Of all the Negro Odd Fellows lodges, the Georgia District was by far the most successful in attracting members and filling the coffers. According to one historian, under the leadership of Benjamin Jefferson Davis, Sr., district grand secretary, and B.J. Ingram, district grand master, the Order had income of “$20,000 a month…and was worth $750,000 in assets in 1912.” State lodges numbered more than 1,000. In 1913, the Order held the grand opening for the Georgia Odd Fellows headquarters. The massive, $110,000 office building still stands on Atlanta’s Auburn Avenue, once the heart of the city’s African-American business community. Built on time, debt free, and by Order member Robert E. Pharrow, the Odd Fellows headquarters set the standard for African-American construction. National black leader Booker T. Washington remarked of the headquarters: “Negro ambition conceived the vision, Negro brains devised the plans, Negro money paid for the brick and mortar and Negro hands and brains placed the building there. It is worth a trip to Atlanta for any colored man to see this building.” In 1914, the Georgia District dedicated the Odd Fellows Annex, which included a 1,300-seat auditorium, theater, and Roof Garden. Washington gave the opening address, calling the annex and dedication a “proud moment for the Odd Fellows of Georgia and for the people of our race.

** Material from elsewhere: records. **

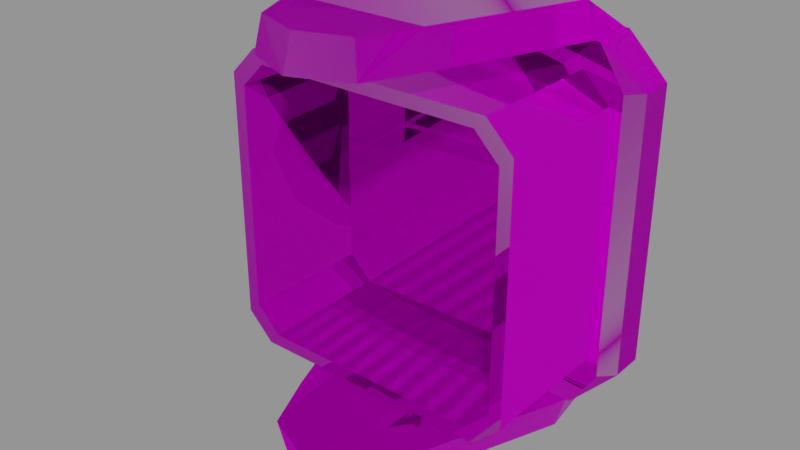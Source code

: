 # Source: MediumHinge.blend  (saved by Blender 2.78.0; exported with 4.5.12 LTS)
import bpy
from mathutils import Matrix  # noqa: F401  (used for matrix-valued properties, if any)

bpy.ops.wm.read_factory_settings(use_empty=True)
scene = bpy.context.scene
scene.name = 'MediumHinge'

# ---- collections
col_collection_1 = bpy.data.collections.new('Collection 1'); scene.collection.children.link(col_collection_1)
col_collection_2 = bpy.data.collections.new('Collection 2'); scene.collection.children.link(col_collection_2)
col_collection_2.hide_render = True
col_collection_2.hide_viewport = True
col_collection_6 = bpy.data.collections.new('Collection 6'); scene.collection.children.link(col_collection_6)
col_collection_6.hide_render = True
col_collection_6.hide_viewport = True
col_collection_8 = bpy.data.collections.new('Collection 8'); scene.collection.children.link(col_collection_8)
col_collection_8.hide_render = True
col_collection_8.hide_viewport = True
col_collection_11 = bpy.data.collections.new('Collection 11'); scene.collection.children.link(col_collection_11)
col_collection_11.hide_render = True
col_collection_11.hide_viewport = True
col_collection_12 = bpy.data.collections.new('Collection 12'); scene.collection.children.link(col_collection_12)
col_collection_12.hide_render = True
col_collection_12.hide_viewport = True

# ---- images (referenced by path relative to the original .blend; pixels are not part of the script)
import os
ASSET_DIR = os.environ.get("B2B_ASSET_DIR", "")  # directory of the original .blend (textures are referenced by path, not embedded)
HERE = os.path.dirname(os.path.abspath(__file__))  # packed textures are extracted next to this script under _unpacked/

def load_image(name, relpath, width, height, colorspace="sRGB"):
    """Load a texture the original file referenced (path relative to the .blend, or extracted next to this script)."""
    p = next((c for c in (os.path.join(HERE, relpath), os.path.join(ASSET_DIR, relpath)) if relpath and os.path.exists(c)), "")
    if p:
        img = bpy.data.images.load(p, check_existing=True)
        img.name = name
    else:  # same state as the original file: an image datablock whose file is absent (Cycles renders it pink)
        img = bpy.data.images.new(name, width, height)
        img.source = "FILE"
        img.filepath = "//" + (relpath or name)
    img.colorspace_settings.name = colorspace
    return img
img_conveyortexture_cm = load_image('ConveyorTexture_cm', 'ConveyorTexture_cm.dds', 1024, 1024, 'sRGB')
img_conveyortexture_ng = load_image('ConveyorTexture_ng', 'ConveyorTexture_ng.dds', 1024, 1024, 'Non-Color')
img_conveyortexture_add = load_image('ConveyorTexture_add', 'ConveyorTexture_add.dds', 1024, 1024, 'Non-Color')
img_largehingegrades_cm_dds = load_image('LargeHingeGrades_cm.dds', 'Textures/LargeHingeGrades_cm.dds', 1024, 1024, 'sRGB')
img_largehingegrades_ng_dds = load_image('LargeHingeGrades_ng.dds', 'LargeHingeGrades_ng.dds', 1024, 1024, 'Non-Color')
img_largehingegrades_add_dds = load_image('LargeHingeGrades_add.dds', 'Textures/LargeHingeGrades_add.dds', 1024, 1024, 'Non-Color')

# ---- materials (node trees are filled in below, after node groups)
mat_hinge = bpy.data.materials.new('Hinge')
mat_hinge.alpha_threshold = 0.0
mat_hinge.roughness = 0.5
mat_grades = bpy.data.materials.new('Grades')
mat_grades.alpha_threshold = 0.0
mat_grades.roughness = 0.5

# ---- node groups
ng_spaceengineers_dx11_shader = bpy.data.node_groups.new('SpaceEngineers_DX11_Shader', 'ShaderNodeTree')
_s = ng_spaceengineers_dx11_shader.interface.new_socket(name='Surface', in_out='OUTPUT', socket_type='NodeSocketShader')
_s = ng_spaceengineers_dx11_shader.interface.new_socket(name='Base Color', in_out='INPUT', socket_type='NodeSocketColor')
_s = ng_spaceengineers_dx11_shader.interface.new_socket(name='Metalness', in_out='INPUT', socket_type='NodeSocketFloat')
_s.min_value = 0.0
_s.max_value = 1.0
_s = ng_spaceengineers_dx11_shader.interface.new_socket(name='Normal Map', in_out='INPUT', socket_type='NodeSocketColor')
_s.default_value = (0.5, 0.5, 1.0, 1.0)
_s = ng_spaceengineers_dx11_shader.interface.new_socket(name='Metalness', in_out='INPUT', socket_type='NodeSocketFloat')
_s.min_value = 0.0
_s.max_value = 1.0
_s = ng_spaceengineers_dx11_shader.interface.new_socket(name='AO/Emissivity', in_out='INPUT', socket_type='NodeSocketColor')
_s.default_value = (1.0, 0.0, 0.0, 1.0)
_s = ng_spaceengineers_dx11_shader.interface.new_socket(name='Coloring Mask', in_out='INPUT', socket_type='NodeSocketFloat')
_s.min_value = 0.0
_s.max_value = 1.0
_N = ng_spaceengineers_dx11_shader.nodes; _L = ng_spaceengineers_dx11_shader.links
n0 = _N.new('NodeGroupInput'); n0.name = 'Group Input'; n0.location = (-400, 0)
n1 = _N.new('NodeGroupOutput'); n1.name = 'Group Output'; n1.location = (800, 0)
n2 = _N.new('ShaderNodeMath'); n2.name = 'Invert'; n2.location = (-200, 0)
n2.label = 'Invert'
n2.operation = 'SUBTRACT'
n2.inputs[0].default_value = 1.0
n3 = _N.new('ShaderNodeMath'); n3.name = 'Pow2'; n3.location = (0, 0)
n3.label = 'Pow2'
n3.operation = 'POWER'
n3.inputs[1].default_value = 2.0
n4 = _N.new('ShaderNodeNormalMap'); n4.name = 'NormalMap'; n4.location = (-200, -200)
n5 = _N.new('ShaderNodeFresnel'); n5.name = 'FresnelDiffuse'; n5.location = (200, -600)
n5.label = 'Fresnel Diffuse'
n6 = _N.new('ShaderNodeBsdfDiffuse'); n6.name = 'DiffuseColor'; n6.location = (200, -400)
n6.label = 'Diffuse Color'
n7 = _N.new('ShaderNodeBsdfAnisotropic'); n7.name = 'DiffuseGloss'; n7.location = (200, -200)
n7.label = 'Diffuse Gloss'
n7.distribution = 'GGX'
n7.inputs[0].default_value = (1.0, 1.0, 1.0, 1.0)
n8 = _N.new('ShaderNodeMixShader'); n8.name = 'MixColor'; n8.location = (400, -400)
n9 = _N.new('ShaderNodeBsdfAnisotropic'); n9.name = 'MetalGloss'; n9.location = (200, 0)
n9.label = 'Metal Gloss'
n9.distribution = 'GGX'
n10 = _N.new('ShaderNodeFresnel'); n10.name = 'FresnelMetal'; n10.location = (200, 200)
n10.label = 'Fresnel Metal '
n10.inputs[0].default_value = 25.0
n11 = _N.new('ShaderNodeMath'); n11.name = 'MetalFactor'; n11.location = (400, 200)
n11.operation = 'MULTIPLY'
n11.use_clamp = True
n12 = _N.new('ShaderNodeMixShader'); n12.name = 'MixMetal'; n12.location = (600, 0)
n13 = _N.new('ShaderNodeMath'); n13.name = 'Math'; n13.location = (0, 0)
n13.operation = 'POWER'
n14 = _N.new('ShaderNodeMath'); n14.name = 'Math.001'; n14.location = (0, 0)
n14.operation = 'POWER'
_L.new(n0.outputs[3], n2.inputs[1])
_L.new(n2.outputs[0], n3.inputs[0])
_L.new(n0.outputs[2], n4.inputs[1])
_L.new(n4.outputs[0], n5.inputs[1])
_L.new(n0.outputs[0], n6.inputs[0])
_L.new(n3.outputs[0], n6.inputs[1])
_L.new(n4.outputs[0], n6.inputs[2])
_L.new(n4.outputs[0], n7.inputs[4])
_L.new(n5.outputs[0], n8.inputs[0])
_L.new(n6.outputs[0], n8.inputs[1])
_L.new(n7.outputs[0], n8.inputs[2])
_L.new(n0.outputs[0], n9.inputs[0])
_L.new(n4.outputs[0], n9.inputs[4])
_L.new(n4.outputs[0], n10.inputs[1])
_L.new(n10.outputs[0], n11.inputs[0])
_L.new(n0.outputs[1], n11.inputs[1])
_L.new(n11.outputs[0], n12.inputs[0])
_L.new(n8.outputs[0], n12.inputs[1])
_L.new(n9.outputs[0], n12.inputs[2])
_L.new(n12.outputs[0], n1.inputs[0])
_L.new(n3.outputs[0], n13.inputs[0])
_L.new(n13.outputs[0], n9.inputs[1])
_L.new(n3.outputs[0], n14.inputs[0])
_L.new(n14.outputs[0], n7.inputs[1])
n1.is_active_output = True
ng_spaceengineers_dx9_shader = bpy.data.node_groups.new('SpaceEngineers_DX9_Shader', 'ShaderNodeTree')
_s = ng_spaceengineers_dx9_shader.interface.new_socket(name='Surface', in_out='OUTPUT', socket_type='NodeSocketShader')
_s = ng_spaceengineers_dx9_shader.interface.new_socket(name='Diffuse', in_out='INPUT', socket_type='NodeSocketColor')
_s = ng_spaceengineers_dx9_shader.interface.new_socket(name='Emissive', in_out='INPUT', socket_type='NodeSocketFloat')
_s.default_value = 1.0
_s.min_value = 0.0
_s.max_value = 1.0
_s = ng_spaceengineers_dx9_shader.interface.new_socket(name='Normal Map', in_out='INPUT', socket_type='NodeSocketColor')
_s.default_value = (0.5, 0.5, 1.0, 1.0)
_s = ng_spaceengineers_dx9_shader.interface.new_socket(name='Specularity', in_out='INPUT', socket_type='NodeSocketFloat')
_s.min_value = 0.0
_s.max_value = 1.0
_s = ng_spaceengineers_dx9_shader.interface.new_socket(name='Uniform Color', in_out='INPUT', socket_type='NodeSocketColor')
_s.default_value = (1.0, 1.0, 1.0, 1.0)
_s = ng_spaceengineers_dx9_shader.interface.new_socket(name='Specular Intensity', in_out='INPUT', socket_type='NodeSocketFloat')
_s.min_value = 0.0
_s.max_value = 1000.0
_s = ng_spaceengineers_dx9_shader.interface.new_socket(name='Specular Power', in_out='INPUT', socket_type='NodeSocketFloat')
_s.min_value = 0.0
_s.max_value = 1000.0
_N = ng_spaceengineers_dx9_shader.nodes; _L = ng_spaceengineers_dx9_shader.links
n0 = _N.new('NodeGroupInput'); n0.name = 'Group Input'; n0.location = (-400, 0)
n1 = _N.new('NodeGroupOutput'); n1.name = 'Group Output'; n1.location = (200, 0)
n2 = _N.new('ShaderNodeNormalMap'); n2.name = 'NormalMap'; n2.location = (-200, -200)
n3 = _N.new('ShaderNodeBsdfDiffuse'); n3.name = 'DiffuseColor'; n3.location = (-200, 0)
n3.label = 'Diffuse Color'
_L.new(n0.outputs[2], n2.inputs[1])
_L.new(n0.outputs[0], n3.inputs[0])
_L.new(n2.outputs[0], n3.inputs[2])
_L.new(n3.outputs[0], n1.inputs[0])
n1.is_active_output = True

# ---- material node trees
mat_hinge.use_nodes = True; mat_hinge.node_tree.nodes.clear()
_N = mat_hinge.node_tree.nodes; _L = mat_hinge.node_tree.links
n0 = _N.new('NodeFrame'); n0.name = 'DX11Frame'; n0.location = (-630, 630)
n0.label = 'DirectX 11 Textures'
n0.width = 1117
n0.label_size = 25
n1 = _N.new('NodeFrame'); n1.name = 'DX9Frame'; n1.location = (-630, -20)
n1.label = 'DirectX 9 Textures'
n1.width = 1117
n1.label_size = 25
n2 = _N.new('ShaderNodeOutputMaterial'); n2.name = 'Material Output'; n2.location = (800, 150)
n3 = _N.new('ShaderNodeTexImage'); n3.name = 'ColorMetalTexture'; n3.location = (30, -30)
n3.label = 'ColorMetalTexture'
n3.width = 140
n3.image = img_conveyortexture_cm
n4 = _N.new('ShaderNodeTexImage'); n4.name = 'NormalGlossTexture'; n4.location = (230, -130)
n4.label = 'NormalGlossTexture'
n4.width = 140
n4.image = img_conveyortexture_ng
n5 = _N.new('ShaderNodeTexImage'); n5.name = 'AddMapsTexture'; n5.location = (430, -230)
n5.label = 'AddMapsTexture'
n5.width = 140
n5.image = img_conveyortexture_add
n6 = _N.new('ShaderNodeGroup'); n6.name = 'DX11Shader'; n6.location = (880, -30)
n6.width = 207
n6.node_tree = ng_spaceengineers_dx11_shader
n7 = _N.new('ShaderNodeTexImage'); n7.name = 'DiffuseTexture'; n7.location = (30, -80)
n7.label = 'DiffuseTexture'
n7.width = 140
n8 = _N.new('ShaderNodeTexImage'); n8.name = 'NormalTexture'; n8.location = (230, -180)
n8.label = 'NormalTexture'
n8.width = 140
n9 = _N.new('ShaderNodeRGB'); n9.name = 'DiffuseColor'; n9.location = (430, -280)
n9.label = 'Diffuse Color'
n9.outputs[0].default_value = (1.0, 1.0, 1.0, 1.0)
n10 = _N.new('ShaderNodeValue'); n10.name = 'SpecularIntensity'; n10.location = (630, -280)
n10.label = 'Specular Intensity'
n10.outputs[0].default_value = 0.0
n11 = _N.new('ShaderNodeValue'); n11.name = 'SpecularPower'; n11.location = (630, -380)
n11.label = 'Specular Power'
n11.outputs[0].default_value = 0.0
n12 = _N.new('ShaderNodeGroup'); n12.name = 'DX9Shader'; n12.location = (880, -30)
n12.width = 207
n12.node_tree = ng_spaceengineers_dx9_shader
n13 = _N.new('ShaderNodeMixShader'); n13.name = 'ShaderToggle'; n13.location = (600, 150)
n13.label = 'Shader Toggle'
n13.inputs[0].default_value = 0.0
n3.parent = n0
n4.parent = n0
n5.parent = n0
n6.parent = n0
n7.parent = n1
n8.parent = n1
n9.parent = n1
n10.parent = n1
n11.parent = n1
n12.parent = n1
_L.new(n3.outputs[0], n6.inputs[0])
_L.new(n3.outputs[1], n6.inputs[1])
_L.new(n4.outputs[0], n6.inputs[2])
_L.new(n4.outputs[1], n6.inputs[3])
_L.new(n5.outputs[0], n6.inputs[4])
_L.new(n5.outputs[1], n6.inputs[5])
_L.new(n7.outputs[0], n12.inputs[0])
_L.new(n7.outputs[1], n12.inputs[1])
_L.new(n8.outputs[0], n12.inputs[2])
_L.new(n8.outputs[1], n12.inputs[3])
_L.new(n9.outputs[0], n12.inputs[4])
_L.new(n10.outputs[0], n12.inputs[5])
_L.new(n11.outputs[0], n12.inputs[6])
_L.new(n6.outputs[0], n13.inputs[1])
_L.new(n12.outputs[0], n13.inputs[2])
_L.new(n13.outputs[0], n2.inputs[0])
n2.is_active_output = True
mat_grades.use_nodes = True; mat_grades.node_tree.nodes.clear()
_N = mat_grades.node_tree.nodes; _L = mat_grades.node_tree.links
n0 = _N.new('NodeFrame'); n0.name = 'DX9Frame'; n0.location = (-630, -20)
n0.label = 'DirectX 9 Textures'
n0.width = 1117
n0.label_size = 25
n1 = _N.new('NodeFrame'); n1.name = 'DX11Frame'; n1.location = (-630, 630)
n1.label = 'DirectX 11 Textures'
n1.width = 1117
n1.label_size = 25
n2 = _N.new('ShaderNodeOutputMaterial'); n2.name = 'Material Output'; n2.location = (800, 150)
n3 = _N.new('ShaderNodeTexImage'); n3.name = 'DiffuseTexture'; n3.location = (30, -80)
n3.label = 'DiffuseTexture'
n3.width = 140
n4 = _N.new('ShaderNodeTexImage'); n4.name = 'NormalTexture'; n4.location = (230, -180)
n4.label = 'NormalTexture'
n4.width = 140
n5 = _N.new('ShaderNodeRGB'); n5.name = 'DiffuseColor'; n5.location = (430, -280)
n5.label = 'Diffuse Color'
n5.outputs[0].default_value = (1.0, 1.0, 1.0, 1.0)
n6 = _N.new('ShaderNodeValue'); n6.name = 'SpecularIntensity'; n6.location = (630, -280)
n6.label = 'Specular Intensity'
n6.outputs[0].default_value = 0.0
n7 = _N.new('ShaderNodeValue'); n7.name = 'SpecularPower'; n7.location = (630, -380)
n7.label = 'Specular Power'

The author traveled three times to Jeffersonville, Georgia, between 2003 and 2007 meeting and speaking with life-long residents of the area. Those of the African American community referred the author to Robert Hughes, a former New York City detective, who returned to his native Jeffersonville to retire. Mr. Hughes was elected chief magistrate of Jeffersonville in 2000 and was considered a leader and local historian. He grew up just a few miles from the location of the Odd Fellow Farm. Although Mr. Hughes knew of the area, he had not heard of the Odd Fellow Farm. Additionally, there was no mention in the Twiggs County Citizen newspaper of the Negro Odd Fellows or their plans for a city and a farm in the county. The author also visited Mt. Olive Baptist Church which, according to an April 11, 1914, article in the Atlanta Independent newspaper, was located near a school that the Odd Fellows’ wished moved to the Odd Fellow City. Although a historic school stands on the church grounds, it was built in the 1920s and thus is not the school referenced in the Independent. None of the church members present were familiar with the Odd Fellow City. As Mr. Hughes expressed in a September 7, 2011, telephone interview with the author, “A lot of the old stories about Black farmers are dead. People just don’t talk about the past anymore.”